In terms of inspiration this is hearty stuff: David Lynch's aesthetic direction manages to combine a BDSM riff on Nostromo for the Harkonnens with Kaiser Wilhelm meets Flash Gordon for the Padishah Emperor. Its all so rich in implied meanings and bizarre power relationships and a kitchen-sink approach that it is valuable brain-food for any setting. I think the central take-home is that despite the innate silliness of sandworms and spice and space-travel the narrative is po-faced with the power-relationships and character dynamics that stem from it. Be thus in your RPG settings. 

There's also some brilliant (if melodramatic) villainy in the character of Baron Harkonnen. He combines a repulsive, vengeful, grasping body horror with sexual perversion and body horror. If your RPG villains are anything like the Baron, your players will know to hate them. 


Iron Kingdom: The Rise and Downfall of Prussia 1600-1947 by Christopher Clark. 
This is not an easy read. The tangled history of the Prussian Reich has no room for coffee table books, and almost everyone is called Frederick or William or occasionally, for novelty, Frederick-William.  It tells the story in rough chronological order of Prussia from a backwater Kingdom on the periphery of Europe to the villainy of the Nazi empire.

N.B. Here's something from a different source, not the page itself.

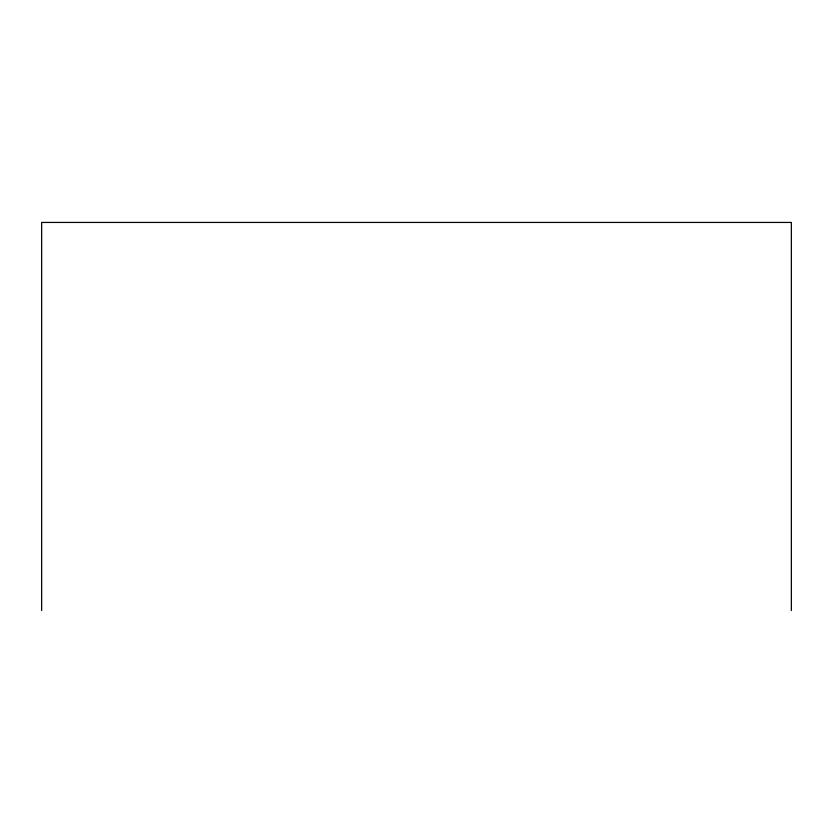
<?xml version="1.0" encoding="UTF-8"?>
<svg xmlns="http://www.w3.org/2000/svg" width="833" height="833" viewBox="0 0 833 833"><rect width="100%" height="100%" fill="white"/><g stroke="black" fill="none" stroke-linecap="round" stroke-linejoin="round"><path stroke-width="1.25" d="M791.35 610.558L791.35 222.442L41.65 222.442L41.65 610.558"/></g></svg>

Having loved Christopher Clark's Sleepwalkers, I'm glad he's maintained the humanising microscopic interludes to the vast and soaring epic that is a historical narrative. The cast - which includes luminaries like Frederick the Great and Bismarck alongside some fascinating twenty-page digressions on the politics of grumpy Calvinists at the University of Heidelberg - is rich in human drama interposed with the innate stiffness of the average Prussian.

From a D&D perspective, it is again rich in mind-food for villainy. Clark's descriptions of the Freikorp's hyper-masculine and deliberate cult-like fetishisation of violence is Lawful Evil as fuck. The toxic ideology that willingly embraces devotion to a state or a throne - even an empty one - over all considerations of morality would be a perfect match for an RPG villain. 
Somewhere in the Freikorps is a  Paladin of Vengeance itching to get out. This captures smart, psychopathic, amoral evil like nothing else. 


A Gladiatorial Arena where Humans fought Dinosaurs and Giants.
Creationists, eh?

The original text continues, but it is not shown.